* * *
Кеба не ограничивался банальным сексом на скорую руку, не позволял себе по-быстренькому «завалить» Ольгу в каморке при спортзале. Вернее, в начале их романа так и происходило: «имел» страждущую намеренно грубо, словно испытывая, как далеко может зайти девчушка – будто наказывал за долгие ее «моргалки». Удивился немного – надо же, пошла до конца. В постели неопытна, однако секс девочка явно уважает.
Ольга была у него не первой студенткой. До нее на этих матах успели покувыркаться еще трое.
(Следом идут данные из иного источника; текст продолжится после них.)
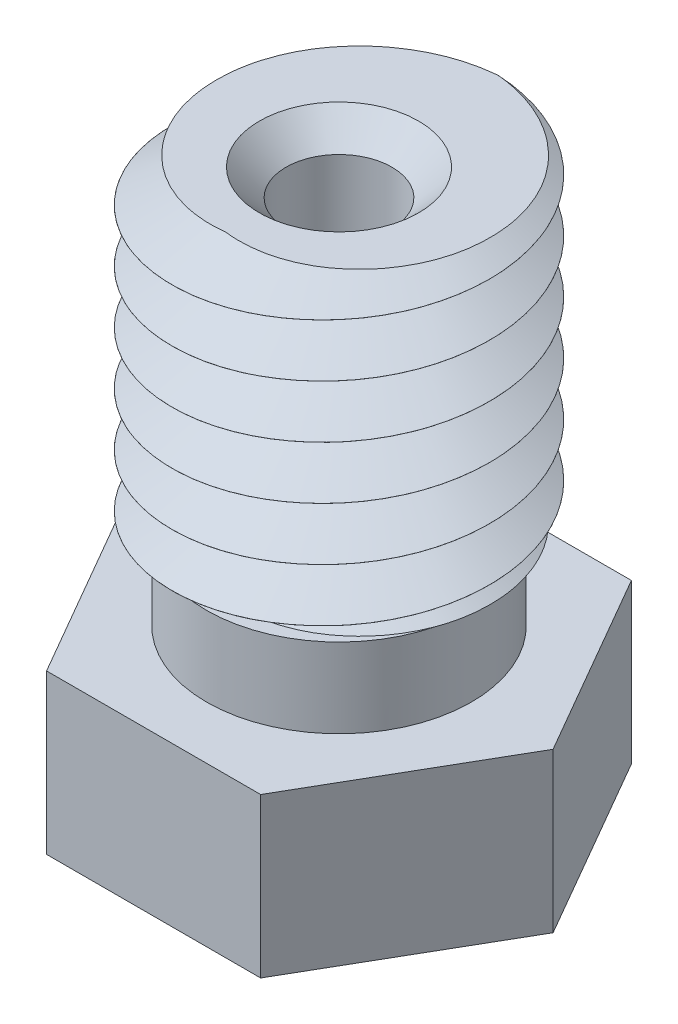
ISO-10303-21;
HEADER;
FILE_DESCRIPTION(('STEP AP214'),'2;1');
FILE_NAME('part.step','',(''),(''),'','','');
FILE_SCHEMA(('AUTOMOTIVE_DESIGN { 1 0 10303 214 1 1 1 1 }'));
ENDSEC;
DATA;
#1=APPLICATION_CONTEXT('core data for automotive mechanical design processes');
#2=APPLICATION_PROTOCOL_DEFINITION('international standard','automotive_design',2000,#1);
#3=PRODUCT_CONTEXT('',#1,'mechanical');
#4=PRODUCT('Part','Part','',(#3));
#5=PRODUCT_RELATED_PRODUCT_CATEGORY('part','',(#4));
#6=PRODUCT_DEFINITION_FORMATION('','',#4);
#7=PRODUCT_DEFINITION_CONTEXT('part definition',#1,'design');
#8=PRODUCT_DEFINITION('design','',#6,#7);
#9=PRODUCT_DEFINITION_SHAPE('','',#8);
#10=(LENGTH_UNIT() NAMED_UNIT(*) SI_UNIT(.MILLI.,.METRE.));
#11=(NAMED_UNIT(*) PLANE_ANGLE_UNIT() SI_UNIT($,.RADIAN.));
#12=(NAMED_UNIT(*) SI_UNIT($,.STERADIAN.) SOLID_ANGLE_UNIT());
#13=UNCERTAINTY_MEASURE_WITH_UNIT(LENGTH_MEASURE(1.E-05),#10,'distance_accuracy_value','');
#14=(GEOMETRIC_REPRESENTATION_CONTEXT(3) GLOBAL_UNCERTAINTY_ASSIGNED_CONTEXT((#13)) GLOBAL_UNIT_ASSIGNED_CONTEXT((#10,
#11,#12)) REPRESENTATION_CONTEXT('',''));
#15=CARTESIAN_POINT('',(0.,0.,0.));
#16=DIRECTION('',(0.,0.,1.));
#17=DIRECTION('',(1.,0.,0.));
#18=AXIS2_PLACEMENT_3D('',#15,#16,#17);
#19=CARTESIAN_POINT('',(0.,12.5,0.));
#20=DIRECTION('',(0.,1.,0.));
#21=DIRECTION('',(0.,0.,1.));
#22=AXIS2_PLACEMENT_3D('',#19,#20,#21);
#23=PLANE('',#22);
#24=CARTESIAN_POINT('',(0.,12.5,0.));
#25=DIRECTION('',(0.,1.,0.));
#26=DIRECTION('',(0.,0.,1.));
#27=AXIS2_PLACEMENT_3D('',#24,#25,#26);
#28=CIRCLE('',#27,3.);
#29=CARTESIAN_POINT('',(0.00993431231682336,12.5,-2.99998355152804));
#30=VERTEX_POINT('',#29);
#31=CARTESIAN_POINT('',(-0.0099343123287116,12.5000000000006,-2.999983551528));
#32=VERTEX_POINT('',#31);
#33=EDGE_CURVE('E197',#30,#32,#28,.T.);
#34=ORIENTED_EDGE('',*,*,#33,.T.);
#35=CARTESIAN_POINT('',(-0.00993431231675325,12.5,-2.99998355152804));
#36=CARTESIAN_POINT('',(-0.0907519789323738,12.5,-2.99267262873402));
#37=CARTESIAN_POINT('',(-0.17125870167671,12.5,-2.98193711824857));
#38=CARTESIAN_POINT('',(-0.331077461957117,12.5,-2.95372728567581));
#39=CARTESIAN_POINT('',(-0.410389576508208,12.5,-2.93625339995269));
#40=CARTESIAN_POINT('',(-0.567169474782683,12.5,-2.89469938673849));
#41=CARTESIAN_POINT('',(-0.64463921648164,12.5,-2.87062664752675));
#42=CARTESIAN_POINT('',(-0.797274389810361,12.5,-2.81603656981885));
#43=CARTESIAN_POINT('',(-0.872439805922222,12.5,-2.78551918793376));
#44=CARTESIAN_POINT('',(-1.01991798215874,12.5,-2.71825870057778));
#45=CARTESIAN_POINT('',(-1.09223116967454,12.5,-2.68151653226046));
#46=CARTESIAN_POINT('',(-1.23350087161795,12.5,-2.60206410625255));
#47=CARTESIAN_POINT('',(-1.30245738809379,12.5,-2.55935385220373));
#48=CARTESIAN_POINT('',(-1.43654436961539,12.5,-2.46825183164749));
#49=CARTESIAN_POINT('',(-1.50167351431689,12.5,-2.41985812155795));
#50=CARTESIAN_POINT('',(-1.62762627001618,12.5,-2.31774660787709));
#51=CARTESIAN_POINT('',(-1.68844933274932,12.5,-2.26402812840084));
#52=CARTESIAN_POINT('',(-1.80536939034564,12.5,-2.15160581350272));
#53=CARTESIAN_POINT('',(-1.86146402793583,12.5,-2.09289952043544));
#54=CARTESIAN_POINT('',(-1.94176410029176,12.5,-2.00149681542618));
#55=CARTESIAN_POINT('',(-1.96789168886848,12.5,-1.97047039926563));
#56=CARTESIAN_POINT('',(-2.01871526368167,12.5,-1.90726603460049));
#57=CARTESIAN_POINT('',(-2.04341128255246,12.5,-1.8750881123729));
#58=CARTESIAN_POINT('',(-2.11521564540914,12.5,-1.77696993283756));
#59=CARTESIAN_POINT('',(-2.1600981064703,12.5,-1.70937972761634));
#60=CARTESIAN_POINT('',(-2.24351865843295,12.5,-1.570399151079));
#61=CARTESIAN_POINT('',(-2.28205643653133,12.5,-1.49900859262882));
#62=CARTESIAN_POINT('',(-2.35070312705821,12.5,-1.35666683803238));
#63=CARTESIAN_POINT('',(-2.38113734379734,12.5,-1.28587245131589));
#64=CARTESIAN_POINT('',(-2.43575750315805,12.5,-1.14191380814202));
#65=CARTESIAN_POINT('',(-2.45994354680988,12.5,-1.06874959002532));
#66=CARTESIAN_POINT('',(-2.50190335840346,12.5,-0.920531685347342));
#67=CARTESIAN_POINT('',(-2.51967114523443,12.5,-0.845476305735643));
#68=CARTESIAN_POINT('',(-2.54862622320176,12.5,-0.694106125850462));
#69=CARTESIAN_POINT('',(-2.55981354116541,12.5,-0.617791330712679));
#70=CARTESIAN_POINT('',(-2.57531397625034,12.5,-0.466597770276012));
#71=CARTESIAN_POINT('',(-2.5798081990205,12.5,-0.39173745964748));
#72=CARTESIAN_POINT('',(-2.58244863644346,12.5,-0.241892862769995));
#73=CARTESIAN_POINT('',(-2.58059453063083,12.5,-0.166908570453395));
#74=CARTESIAN_POINT('',(-2.57313330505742,12.5,-0.0548012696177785));
#75=CARTESIAN_POINT('',(-2.56986854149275,12.5,-0.017509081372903));
#76=CARTESIAN_POINT('',(-2.56166940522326,12.5,0.056890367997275));
#77=CARTESIAN_POINT('',(-2.55673512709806,12.5,0.0939976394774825));
#78=CARTESIAN_POINT('',(-2.53938330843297,12.5,0.2049060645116));
#79=CARTESIAN_POINT('',(-2.5244148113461,12.5,0.278324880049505));
#80=CARTESIAN_POINT('',(-2.48838663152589,12.5,0.421258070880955));
#81=CARTESIAN_POINT('',(-2.46752662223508,12.5,0.490823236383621));
#82=CARTESIAN_POINT('',(-2.41970284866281,12.5,0.627838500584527));
#83=CARTESIAN_POINT('',(-2.39273821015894,12.5,0.695288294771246));
#84=CARTESIAN_POINT('',(-2.33289750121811,12.5,0.827568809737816));
#85=CARTESIAN_POINT('',(-2.30001725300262,12.5,0.892397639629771));
#86=CARTESIAN_POINT('',(-2.22861579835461,12.5,1.01887018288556));
#87=CARTESIAN_POINT('',(-2.190094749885,12.5,1.08051398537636));
#88=CARTESIAN_POINT('',(-2.10989258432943,12.5,1.1969664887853));
#89=CARTESIAN_POINT('',(-2.06848549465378,12.5,1.25196422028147));
#90=CARTESIAN_POINT('',(-1.98117481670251,12.5,1.35828168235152));
#91=CARTESIAN_POINT('',(-1.93527063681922,12.5,1.40960092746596));
#92=CARTESIAN_POINT('',(-1.83933046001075,12.5,1.50813696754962));
#93=CARTESIAN_POINT('',(-1.7892976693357,12.5,1.55535688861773));
#94=CARTESIAN_POINT('',(-1.68546179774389,12.5,1.64544593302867));
#95=CARTESIAN_POINT('',(-1.63165944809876,12.5,1.68831589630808));
#96=CARTESIAN_POINT('',(-1.52076774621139,12.5,1.76852840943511));
#97=CARTESIAN_POINT('',(-1.46371075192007,12.5,1.8059154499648));
#98=CARTESIAN_POINT('',(-1.34644522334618,12.5,1.87532482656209));
#99=CARTESIAN_POINT('',(-1.28623637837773,12.5,1.90734663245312));
#100=CARTESIAN_POINT('',(-1.10155159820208,12.5,1.9949170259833));
#101=CARTESIAN_POINT('',(-0.972927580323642,12.5,2.04203544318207));
#102=CARTESIAN_POINT('',(-0.71979678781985,12.5,2.10919058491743));
#103=CARTESIAN_POINT('',(-0.595765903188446,12.5,2.13107076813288));
#104=CARTESIAN_POINT('',(-0.345969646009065,12.5,2.15359091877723));
#105=CARTESIAN_POINT('',(-0.220209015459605,12.5,2.15428050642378));
#106=CARTESIAN_POINT('',(-0.0635537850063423,12.5,2.14193117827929));
#107=CARTESIAN_POINT('',(-0.0317275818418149,12.5,2.13872946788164));
#108=CARTESIAN_POINT('',(0.,12.5,2.13484062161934));
#109=B_SPLINE_CURVE_WITH_KNOTS('',3,(#35,#36,#37,#38,#39,#40,#41,#42,#43,#44,#45,#46,#47,#48,
#49,#50,#51,#52,#53,#54,#55,#56,#57,#58,#59,#60,#61,#62,#63,#64,#65,#66,#67,#68,#69,#70,#71,#72,
#73,#74,#75,#76,#77,#78,#79,#80,#81,#82,#83,#84,#85,#86,#87,#88,#89,#90,#91,#92,#93,#94,#95,#96,
#97,#98,#99,#100,#101,#102,#103,#104,#105,#106,#107,#108),.UNSPECIFIED.,.F.,.F.,(4,2,2,2,2,2,2,
2,2,2,2,2,2,2,2,2,2,2,2,2,2,2,2,2,2,2,2,2,2,2,2,2,2,2,2,2,4),(0.,0.243369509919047,
0.48672326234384,0.729805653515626,0.972889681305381,1.21593714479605,1.45898445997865,
1.70211513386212,1.94527670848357,2.1885587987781,2.31021202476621,2.43186247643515,
2.67490219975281,2.91795390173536,3.14884209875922,3.37972656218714,3.61082563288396,
3.84192376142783,4.06664728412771,4.29138215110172,4.40365650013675,4.5159244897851,
4.74036748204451,4.95796599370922,5.17559568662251,5.39337968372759,5.61115758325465,
5.81744328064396,6.02375615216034,6.22991028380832,6.43602453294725,6.64036079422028,
6.84471723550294,7.25310259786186,7.62926562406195,8.00454775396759,8.10047490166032),.UNSPECIFIED.);
#110=CARTESIAN_POINT('',(0.,12.5,2.13484062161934));
#111=VERTEX_POINT('',#110);
#112=EDGE_CURVE('E185',#32,#111,#109,.T.);
#113=ORIENTED_EDGE('',*,*,#112,.T.);
#114=CARTESIAN_POINT('',(0.,12.5,2.13484062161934));
#115=CARTESIAN_POINT('',(0.062166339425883,12.5,2.14245198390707));
#116=CARTESIAN_POINT('',(0.124626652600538,12.5,2.14743694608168));
#117=CARTESIAN_POINT('',(0.249744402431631,12.5,2.15213279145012));
#118=CARTESIAN_POINT('',(0.312401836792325,12.5,2.15184373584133));
#119=CARTESIAN_POINT('',(0.499925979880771,12.5,2.14304129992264));
#120=CARTESIAN_POINT('',(0.624505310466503,12.5,2.12661218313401));
#121=CARTESIAN_POINT('',(0.869175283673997,12.5,2.07302374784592));
#122=CARTESIAN_POINT('',(0.989264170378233,12.5,2.03585640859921));
#123=CARTESIAN_POINT('',(1.16330326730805,12.5,1.96547637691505));
#124=CARTESIAN_POINT('',(1.22030581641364,12.5,1.93957498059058));
#125=CARTESIAN_POINT('',(1.33193762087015,12.5,1.88307031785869));
#126=CARTESIAN_POINT('',(1.38656720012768,12.5,1.85246769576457));
#127=CARTESIAN_POINT('',(1.49301959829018,12.5,1.78681725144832));
#128=CARTESIAN_POINT('',(1.54484482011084,12.5,1.75177332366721));
#129=CARTESIAN_POINT('',(1.64536214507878,12.5,1.67744667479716));
#130=CARTESIAN_POINT('',(1.69405375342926,12.5,1.63816328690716));
#131=CARTESIAN_POINT('',(1.78836656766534,12.5,1.55598123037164));
#132=CARTESIAN_POINT('',(1.83398456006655,12.5,1.5130788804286));
#133=CARTESIAN_POINT('',(1.92177739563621,12.5,1.42390370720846));
#134=CARTESIAN_POINT('',(1.96395237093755,12.5,1.37763101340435));
#135=CARTESIAN_POINT('',(2.08983808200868,12.5,1.22836458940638));
#136=CARTESIAN_POINT('',(2.16717948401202,12.5,1.11987455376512));
#137=CARTESIAN_POINT('',(2.30314311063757,12.5,0.89186972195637));
#138=CARTESIAN_POINT('',(2.36178100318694,12.5,0.772364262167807));
#139=CARTESIAN_POINT('',(2.43548921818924,12.5,0.585092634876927));
#140=CARTESIAN_POINT('',(2.4579378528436,12.5,0.520143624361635));
#141=CARTESIAN_POINT('',(2.49729927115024,12.5,0.388583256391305));
#142=CARTESIAN_POINT('',(2.5142126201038,12.5,0.321972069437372));
#143=CARTESIAN_POINT('',(2.54240350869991,12.5,0.187506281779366));
#144=CARTESIAN_POINT('',(2.55367654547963,12.5,0.119650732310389));
#145=CARTESIAN_POINT('',(2.56626309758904,12.5,0.0173524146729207));
#146=CARTESIAN_POINT('',(2.56973828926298,12.5,-0.0168374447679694));
#147=CARTESIAN_POINT('',(2.57537400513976,12.5,-0.0853311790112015));
#148=CARTESIAN_POINT('',(2.57753426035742,12.5,-0.119635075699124));
#149=CARTESIAN_POINT('',(2.58205934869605,12.5,-0.223606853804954));
#150=CARTESIAN_POINT('',(2.58235172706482,12.5,-0.293378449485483));
#151=CARTESIAN_POINT('',(2.57746518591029,12.5,-0.432725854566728));
#152=CARTESIAN_POINT('',(2.5722848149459,12.5,-0.50230160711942));
#153=CARTESIAN_POINT('',(2.54856591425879,12.5,-0.710037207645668));
#154=CARTESIAN_POINT('',(2.52185561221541,12.5,-0.847346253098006));
#155=CARTESIAN_POINT('',(2.44449381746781,12.5,-1.12597027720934));
#156=CARTESIAN_POINT('',(2.39223111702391,12.5,-1.26684128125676));
#157=CARTESIAN_POINT('',(2.29675034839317,12.5,-1.4699487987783));
#158=CARTESIAN_POINT('',(2.26205711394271,12.5,-1.53631147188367));
#159=CARTESIAN_POINT('',(2.18723483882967,12.5,-1.66589509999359));
#160=CARTESIAN_POINT('',(2.14710603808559,12.5,-1.72911619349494));
#161=CARTESIAN_POINT('',(2.01897598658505,12.5,-1.91315630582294));
#162=CARTESIAN_POINT('',(1.92310169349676,12.5,-2.02862757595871));
#163=CARTESIAN_POINT('',(1.76702363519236,12.5,-2.18963092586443));
#164=CARTESIAN_POINT('',(1.71290828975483,12.5,-2.24129870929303));
#165=CARTESIAN_POINT('',(1.60081134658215,12.5,-2.34026514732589));
#166=CARTESIAN_POINT('',(1.54283008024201,12.5,-2.38756417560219));
#167=CARTESIAN_POINT('',(1.35633856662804,12.5,-2.52793896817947));
#168=CARTESIAN_POINT('',(1.22159682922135,12.5,-2.61292310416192));
#169=CARTESIAN_POINT('',(0.940087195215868,12.5,-2.75945448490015));
#170=CARTESIAN_POINT('',(0.793328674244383,12.5,-2.82101979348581));
#171=CARTESIAN_POINT('',(0.539951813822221,12.5,-2.90351120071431));
#172=CARTESIAN_POINT('',(0.435467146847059,12.5,-2.9311363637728));
#173=CARTESIAN_POINT('',(0.224160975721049,12.5,-2.97451240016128));
#174=CARTESIAN_POINT('',(0.117341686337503,12.5,-2.99027406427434));
#175=CARTESIAN_POINT('',(0.00993431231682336,12.5,-2.99998355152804));
#176=B_SPLINE_CURVE_WITH_KNOTS('',3,(#114,#115,#116,#117,#118,#119,#120,#121,#122,#123,#124,
#125,#126,#127,#128,#129,#130,#131,#132,#133,#134,#135,#136,#137,#138,#139,#140,#141,#142,#143,
#144,#145,#146,#147,#148,#149,#150,#151,#152,#153,#154,#155,#156,#157,#158,#159,#160,#161,#162,
#163,#164,#165,#166,#167,#168,#169,#170,#171,#172,#173,#174,#175),.UNSPECIFIED.,.F.,.F.,(4,2,2,
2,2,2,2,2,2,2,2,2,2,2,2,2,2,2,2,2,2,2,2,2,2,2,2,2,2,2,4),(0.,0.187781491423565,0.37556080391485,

Однако, как водится, людская молва многократно преумножила его «подвиги», и по слухам выходило, что физрук не пропустил буквально ни одной юбки.
В пединституте, в этом «бабском батальоне», Кеба работал уже четыре года. Поначалу, испугавшись грозных предупреждений Мининзона, игнорировал многочисленные знаки внимания студенток. Опасался вылететь с работы. Потом понял – не такая уж она хорошая, эта работа, чтобы цепляться за нее, воздерживаясь от соблазнов, подстерегающих на каждом шагу. А раз так – зачем отказываться от того, что само плывет в руки?
Однако не наглел. Впрочем, даже не в этом дело. Неприятно чувствовать себя «мясом». А именно так смотрели на него студентки. Как на быка-производителя. Скороспелки-акселератки вели себя нагло, откровенно предлагая себя: ну на меня, ну возьми, ну скорее!
На такие призывы он не отвечал. Важно было хотеть самому. А таких, от кого трудно отказаться, набралось всего трое.
Как раз на третьей и случился крупный «залет». Вернее, «залетела» она, но вместе с нею и сам Кеба. Едва жениться не пришлось. К счастью, вовремя выяснилось, что беременность была скорее мечтой, нежели реальностью, и все удалось спустить на тормозах. Однако поволноваться довелось: влюбленная дурочка грозилась поставить в известность деканат.
С тех пор Гене даже думать о студентках не хотелось. А те, наслышанные о его «подвигах», наглели все больше, практически вешались на шею – благо, занятия физкультурой способствовали более-менее близкому контакту с преподавателем.
И вдруг посреди этой безликой наглой массы обнаружился бриллиант чистой воды. Вернее, это потом уже он понял, что Оленька – бриллиант. Сначала принял за такую же хищницу.
По крайней мере, глазками она стреляла ничуть не хуже остальных – из-за этого он чуть было не зачислил ее в разряд беспринципных, вечно голодных дур, ищущих приключений. Немало времени ему понадобилось понять, что Оленька – другая.
Начать с того, что на фоне дебелых скороспелок она выглядела сущим ребенком. Не стройная – скорее, недооформившаяся, совсем-совсем хрупкая. И личико детское: беленькое, гладкое. А глаза… Потом и сам удивлялся: как сразу не разглядел в ней сокровище? Как мог пропустить эти глаза? Чистые, наивные. Распахнутые широко-широко, будто от удивления. Четверокурсница, а выглядела не старше восьмиклассницы.